The officer who processed the scene observed that the rear door to the apartment had been kicked in. The footprint on the door was upside down, with the heel at the top of the print and the toe at the bottom. On a kitchen counter just inside the door, the officer found a plastic cap shaped like a cap for a soda bottle but “four or five inches around” with a slot in it, as if a large bottle had been used as a bank. In the kitchen sink, he found a large knife with a bloodstain beneath it. The knife matched a set of knives stored in a wooden block on the counter. At trial, a State Police DNA analyst testified that she compared blood samples collected at the crime scene to samples from defendant, his girlfriend Romanette Norwood, and the victim. Blood found on the handle and blade of the knife was consistent with the victim's.
In the living room, the officer found the victim lying face down on the floor with a large pool of blood around her head and neck. The pool of blood had begun to dry at the edges. Clear fluid found when the body was moved was later determined to be spinal fluid. A bloodstain on the back of her shirt appeared to have been made by wiping the knife blade on the shirt.
The apartment had been ransacked. Desk drawers and dresser drawers were pulled out. Two purses appeared to have been rifled through. An empty space on the desk, near a printer and power cord, was the size of a computer. A large plastic bottle with a picture of a football helmet on it was lying on a chair near the desk. The bottle had no cap and it appeared to match the bottle cap found in the kitchen.
Christine Callahan was the victim's neighbor. The two women, along with Perino and a fourth resident of the building, used the same locked entrance in the rear of the building to access their units. The lock did not always work. The back door to Callahan's apartment was approximately 20 feet from the victim's back door. Callahan's apartment was also burglarized on July 31. Several pieces of jewelry were taken, along with a large plastic bottle with a Cleveland Browns logo in which she saved coins. She identified the bottle found on the chair in the victim's apartment as the one that had been taken from her apartment. At trial, a State Police fingerprint analyst testified that she compared latent fingerprints from the crime scenes to exemplars from defendant, Norwood, and the victim. She found one fingerprint belonging to the defendant on the plastic bottle.
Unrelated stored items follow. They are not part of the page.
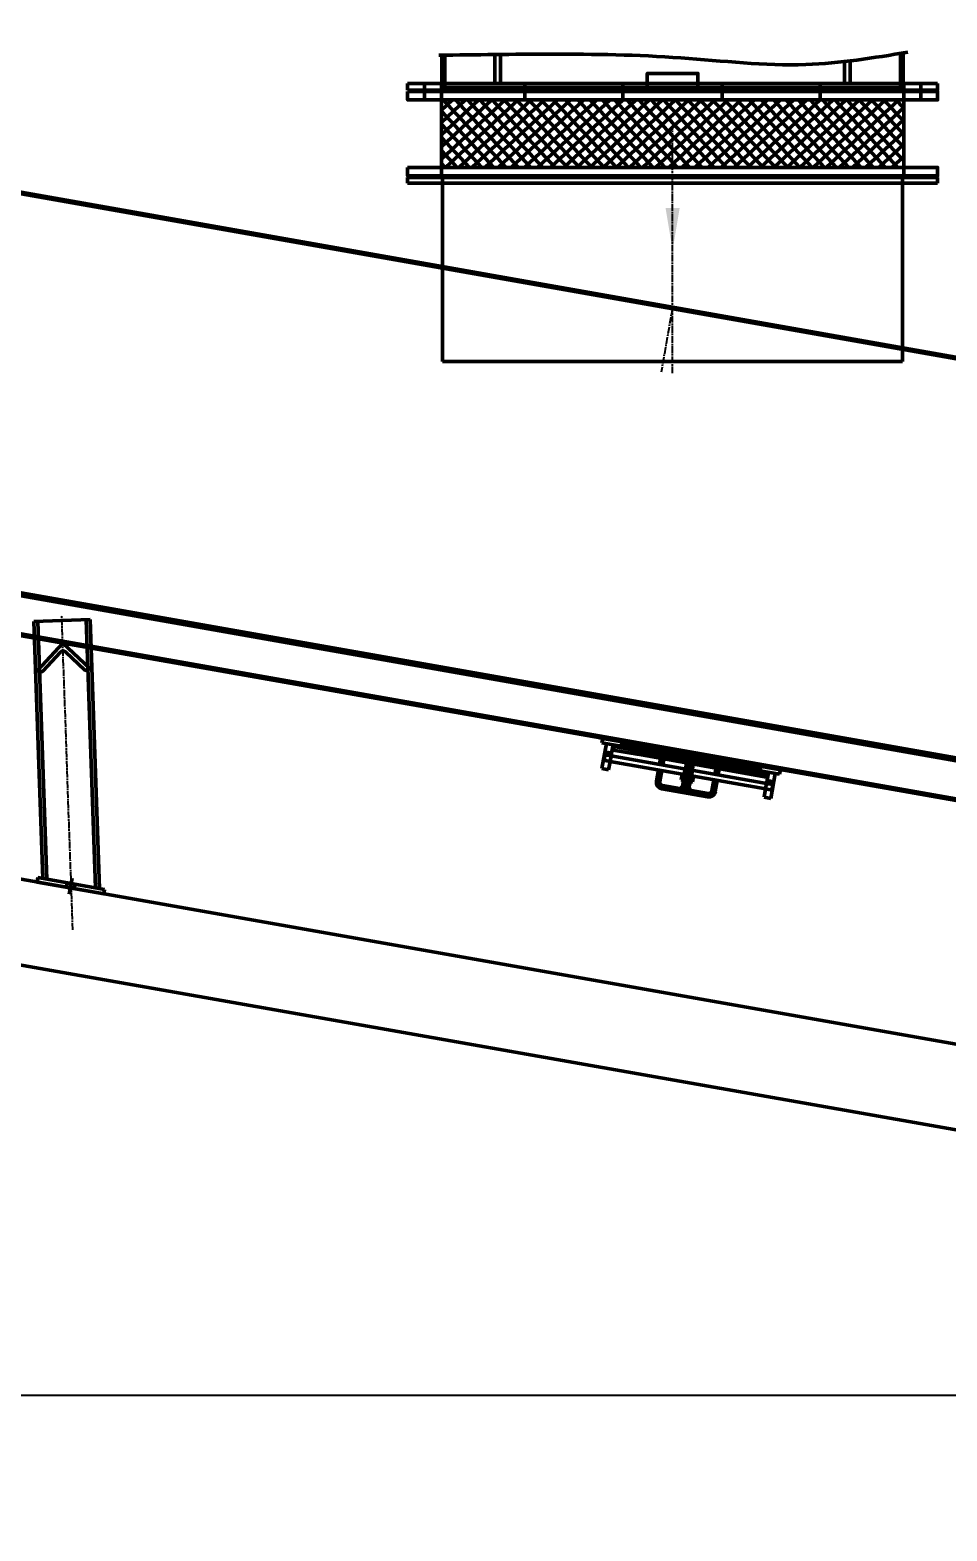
# Model space of a CAD drawing. Header units: millimetres. Extents: x -1263456 to 2767218, y -83310 to 50301.
# Drawn here: x 1092589 to 1094215, y -53970 to -51308 of the extents above; entities that cross this region are included whole.
import ezdxf

# ---------------------------------------------------------------- set-up
doc = ezdxf.new("R2010")
doc.units = ezdxf.units.MM
doc.linetypes.add('AM_ISO08W050', pattern=[18, 12, -1.5, 3, -1.5])
doc.linetypes.add('AUSGEZOGEN', pattern=[0])
doc.layers.get('Defpoints').update_dxf_attribs({"linetype": 'AUSGEZOGEN'})
for name, color, linetype, lineweight in [('AM_0', 7, 'Continuous', 50), ('AM_5', 3, 'Continuous', 25), ('AM_7', 4, 'AM_ISO08W050', 25), ('AM_8', 1, 'Continuous', 25)]:
    doc.layers.add(name, color=color, linetype=linetype, lineweight=lineweight)
doc.styles.get("Standard").update_dxf_attribs({"font": 'ISOCP.SHX', "width": 0.7})
doc.dimstyles.new('AM_ISO$0', dxfattribs={"dimtxt": 3.5, "dimasz": 3.5, "dimexe": 1, "dimexo": 1, "dimgap": 1.5, "dimtad": 1, "dimdsep": 46, "dimtxsty": 'Standard', "dimcen": 0, "dimclrd": 256, "dimclre": 256, "dimclrt": 2, "dimazin": 2, "dimtp": 0.1, "dimtm": 0.1, "dimtfac": 0.71, "dimtmove": 0, "dimatfit": 3, "dimfxl": 1, "dimlwd": -1, "dimlwe": -1, "dimarcsym": 1})

# ---------------------------------------------------------------- blocks, each defined once
blk = doc.blocks.new('*D240')
at = {"layer": 'AM_5', "transparency": 16777216}
for p, q in [((1090659.9, -46860.2), (1090659.9, -49419.7)), ((1096659.9, -70454.3), (1096659.9, -49269.7)), ((1090922.4, -49344.7), (1096397.4, -49344.7))]:
    blk.add_line(p, q, dxfattribs=at)
for points in [[(1090922.4, -49300.9), (1090922.4, -49388.4), (1090659.9, -49344.7)], [(1096397.4, -49300.9), (1096397.4, -49388.4), (1096659.9, -49344.7)]]:
    blk.add_solid(points, dxfattribs=at)
at = {"layer": 'Defpoints', "color": 0, "transparency": 16777216}
for p in [(1090659.9, -46785.2), (1096659.9, -49344.7), (1096659.9, -70529.3, 93.7)]:
    blk.add_point(p, dxfattribs=at)
at = {"layer": 'AM_5', "color": 2, "transparency": 16777216, "insert": (1093659.9, -49100.9), "char_height": 262.5, "attachment_point": 5, "bg_fill": 3, "box_fill_scale": 1.1, "bg_fill_color": 256, "bg_fill_true_color": 13158600, "bg_fill_transparency": 0}
blk.add_mtext('6000', dxfattribs=at)
blk = doc.blocks.new('A$C52475731')
at = {"layer": 'AM_0'}
h = blk.add_hatch(dxfattribs=at)
h.set_pattern_fill('_U', color=256, angle=43, style=0, pattern_type=0)
h.set_pattern_definition([(43, (-54497.3383, 8887.9266), (-0.68199836, 0.731353702), [])])
edge = h.paths.add_edge_path()
edge.add_line((6545.6, 8267.8), (6551.6, 8267.8))
edge.add_arc((6551.6, 8266.8), 1, -90, 90, ccw=False)
edge.add_line((6551.6, 8265.8), (6545.6, 8265.8))
edge.add_arc((6545.6, 8266.8), 1, -270, -90, ccw=False)
h = blk.add_hatch(dxfattribs=at)
h.set_pattern_fill('_U', color=256, scale=1.128, angle=133, style=0, pattern_type=0)
h.set_pattern_definition([(133, (-54497.3383, 8887.9266), (-0.824966975, -0.76929415), [])])
edge = h.paths.add_edge_path()
edge.add_line((6545.6, 8267.8), (6551.6, 8267.8))
edge.add_arc((6551.6, 8266.8), 1, -90, 90, ccw=False)
edge.add_line((6551.6, 8265.8), (6545.6, 8265.8))
edge.add_arc((6545.6, 8266.8), 1, -270, -90, ccw=False)
h = blk.add_hatch(dxfattribs=at)
h.set_pattern_fill('_U', color=256, angle=43, style=0, pattern_type=0)
h.set_pattern_definition([(133, (-63483.0794, 9201.7156), (0.731353702, 0.68199836), [])])
edge = h.paths.add_edge_path()
edge.add_line((6583.7, 8267.8), (6577.7, 8267.8))
edge.add_arc((6577.7, 8266.8), 1, -270, -90)
edge.add_line((6577.7, 8265.8), (6583.7, 8265.8))
edge.add_arc((6583.7, 8266.8), 1, -90, 90)
h = blk.add_hatch(dxfattribs=at)
h.set_pattern_fill('_U', color=256, scale=1.128, angle=133, style=0, pattern_type=0)
h.set_pattern_definition([(43, (-63483.0794, 9201.7156), (0.76929415, -0.824966975), [])])
edge = h.paths.add_edge_path()
edge.add_line((6583.7, 8267.8), (6577.7, 8267.8))
edge.add_arc((6577.7, 8266.8), 1, -270, -90)
edge.add_line((6577.7, 8265.8), (6583.7, 8265.8))
edge.add_arc((6583.7, 8266.8), 1, -90, 90)
h = blk.add_hatch(dxfattribs=at)
h.set_pattern_fill('_U', color=256, angle=43, style=0, pattern_type=0)
h.set_pattern_definition([(43, (-55376.8022, 8918.6382), (-0.68199836, 0.731353702), [])])
edge = h.paths.add_edge_path()
edge.add_line((7425.6, 8267.8), (7431.6, 8267.8))
edge.add_arc((7431.6, 8266.8), 1, 270, 450, ccw=False)
edge.add_line((7431.6, 8265.8), (7425.6, 8265.8))
edge.add_arc((7425.6, 8266.8), 1, 90, 270, ccw=False)
h = blk.add_hatch(dxfattribs=at)
h.set_pattern_fill('_U', color=256, scale=1.128, angle=133, style=0, pattern_type=0)
h.set_pattern_definition([(133, (-55376.8022, 8918.6382), (-0.824966975, -0.76929415), [])])
edge = h.paths.add_edge_path()
edge.add_line((7425.6, 8267.8), (7431.6, 8267.8))
edge.add_arc((7431.6, 8266.8), 1, 270, 450, ccw=False)
edge.add_line((7431.6, 8265.8), (7425.6, 8265.8))
edge.add_arc((7425.6, 8266.8), 1, 90, 270, ccw=False)
h = blk.add_hatch(dxfattribs=at)
h.set_pattern_fill('_U', color=256, angle=43, style=0, pattern_type=0)
h.set_pattern_definition([(133, (-64362.5434, 9232.4272), (0.731353702, 0.68199836), [])])
edge = h.paths.add_edge_path()
edge.add_line((7463.7, 8267.8), (7457.7, 8267.8))
edge.add_arc((7457.7, 8266.8), 1, 90, 270)
edge.add_line((7457.7, 8265.8), (7463.7, 8265.8))
edge.add_arc((7463.7, 8266.8), 1, 270, 450)
h = blk.add_hatch(dxfattribs=at)
h.set_pattern_fill('_U', color=256, scale=1.128, angle=133, style=0, pattern_type=0)
h.set_pattern_definition([(43, (-64362.5434, 9232.4272), (0.76929415, -0.824966975), [])])
edge = h.paths.add_edge_path()
edge.add_line((7463.7, 8267.8), (7457.7, 8267.8))
edge.add_arc((7457.7, 8266.8), 1, 90, 270)
edge.add_line((7457.7, 8265.8), (7463.7, 8265.8))
edge.add_arc((7463.7, 8266.8), 1, 270, 450)
h = blk.add_hatch(dxfattribs=at)
h.set_pattern_fill('ANSI37', color=256, scale=5, angle=-2, style=0)
h.set_pattern_definition([(43, (-1375093.302, 590638.489), (-10.82672397, 11.61024001), []), (133, (-1375093.302, 590638.489), (-11.61024001, -10.82672397), [])])
h.paths.add_polyline_path([(7414.6, 8250.8), (7414.6, 8130.8), (6594.6, 8130.8), (6594.6, 8250.8)])
h = blk.add_hatch(dxfattribs=at)
h.set_pattern_fill('ANSI37', color=256, angle=-2, style=0)
h.set_pattern_definition([(43, (-502299.3462, -91976.0055), (-2.165344793, 2.322048003), []), (133, (-502299.3462, -91976.0055), (-2.322048003, -2.165344793), [])])
h.paths.add_polyline_path([(6900.5, 7103.7), (6901, 7106.6), (6913.8, 7104.4), (6913.3, 7101.4)])
h = blk.add_hatch(color=256, dxfattribs=at)
h.paths.add_polyline_path([(6937.9, 7097.1), (6933, 7097.9), (6933.8, 7102.8)])
h.paths.add_polyline_path([(6942.8, 7096.2), (6937.9, 7097.1), (6943.7, 7101.1)])
h = blk.add_hatch(color=256, dxfattribs=at)
h.paths.add_polyline_path([(7036.4, 7079.7), (7031.5, 7080.6), (7032.3, 7085.5)])
h.paths.add_polyline_path([(7041.3, 7078.8), (7036.4, 7079.7), (7042.2, 7083.7)])
h = blk.add_hatch(color=256, dxfattribs=at)
h.paths.add_polyline_path([(7134.9, 7062.3), (7139.8, 7061.5), (7140.7, 7066.4)])
h.paths.add_polyline_path([(7129.9, 7063.2), (7134.9, 7062.3), (7130.8, 7068.1)])
h = blk.add_hatch(dxfattribs=at)
h.set_pattern_fill('ANSI37', color=256, angle=-2, style=0)
h.set_pattern_definition([(133, (-503175.2076, -91945.4197), (2.322048003, 2.165344793), []), (43, (-503175.2076, -91945.4197), (2.165344793, -2.322048003), [])])
h.paths.add_polyline_path([(7172.8, 7058.7), (7172.3, 7055.7), (7159.5, 7058), (7160, 7060.9)])
for points in [[(5894.9, 6868.6), (5894.9, 6868.9), (5895.1, 6868.6), (5895, 6868.6)], [(5980.9, 6854.3), (5980.9, 6853.5), (5980.2, 6853.6), (5980.5, 6853.9)]]:
    blk.add_hatch(color=256, dxfattribs=at).paths.add_polyline_path(points)
for p, q in [((2737.7, 8632.5, 0.1), (10907.7, 7191.9, 0.1)), ((2738.3, 8635.6, 0.1), (10908.3, 7195, 0.1)), ((7408.7, 8333.1, -22.8), (7408.7, 8279.8, -22.8)), ((7413.7, 8333.9, -22.8), (7413.7, 8279.8, -22.8)), ((6595.6, 8329.9, -22.8), (6595.6, 8279.8, -22.8)), ((6600.6, 8329.9, -22.8), (6600.6, 8279.8, -22.8)), ((6689.6, 8331.2, -22.8), (6689.6, 8279.8, -22.8)), ((6699.6, 8331.3, -22.8), (6699.6, 8279.8, -22.8)), ((7309.6, 8318.7, -22.8), (7309.6, 8279.8, -22.8)), ((7319.6, 8319.9, -22.8), (7319.6, 8279.8, -22.8)), ((7474.6, 8279.8, -22.8), (6534.6, 8279.8, -22.8)), ((6534.6, 8267.8, -22.8), (6534.6, 8279.8, -22.8)), ((6564.6, 8279.8, -22.8), (6564.6, 8250.8, -22.8)), ((6594.6, 8267.8, -22.8), (6594.6, 8279.8, -22.8)), ((6595.6, 8272.8, -22.8), (6595.6, 8279.8, -22.8)), ((6600.6, 8272.8, -22.8), (6600.6, 8279.8, -22.8)), ((6742.6, 8279.8, -22.8), (6742.6, 8250.8, -22.8)), ((6916.6, 8279.8, -22.8), (6916.6, 8250.8, -22.8)), ((7092.6, 8279.8, -22.8), (7092.6, 8250.8, -22.8)), ((7266.6, 8279.8, -22.8), (7266.6, 8250.8, -22.8)), ((7408.7, 8272.8, -22.8), (7408.7, 8279.8, -22.8)), ((7413.7, 8272.8, -22.8), (7413.7, 8279.8, -22.8)), ((7414.6, 8267.8, -22.8), (7414.6, 8279.8, -22.8)), ((7444.6, 8279.8, -22.8), (7444.6, 8250.8, -22.8)), ((7474.6, 8267.8, -22.8), (7474.6, 8279.8, -22.8)), ((7474.6, 8267.8, -22.8), (6534.6, 8267.8, -22.8)), ((7474.6, 8266.8, -22.8), (6534.6, 8266.8, -22.8)), ((6594.6, 8265.8, -22.8), (6594.6, 8115.8, -22.8)), ((7004.6, 8272.8, -22.8), (6595.6, 8272.8, -22.8)), ((7413.7, 8272.8, -22.8), (7004.6, 8272.8, -22.8)), ((7414.6, 8265.8, -22.8), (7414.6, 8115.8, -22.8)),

The same officer who processed the murder scene processed Callahan's apartment. He observed that her back door had also been kicked in and her apartment
[346 Ill.Dec. 16 , 940 N.E.2d 16]
ransacked. He found a cigarette butt on the floor at the bottom of a spiral staircase that led to the upper level of Callahan's unit. He collected the cigarette butt and sent it to the crime lab for processing. The State Police DNA analyst testified at trial that the male DNA profile found on the cigarette butt would be expected to occur in approximately one in 650 billion black individuals, one in 2.1 trillion white individuals, and one in 2.5 trillion Hispanic unrelated individuals. The profile matched defendant's DNA profile.
On September 8 and 9, 2003, Norwood was interviewed by the Oak Park police. She was wearing a Gucci watch and a pair of prescription eyeglasses, which were taken from her and inventoried as evidence. Information from this interview led police to a pawn shop and to the apartment of Fanny Roberts, defendant's mother. At the pawn shop, police obtained pawn sheets dated July 31, 2003, containing defendant's name. The police recovered a pair of sunglasses from Roberts' apartment.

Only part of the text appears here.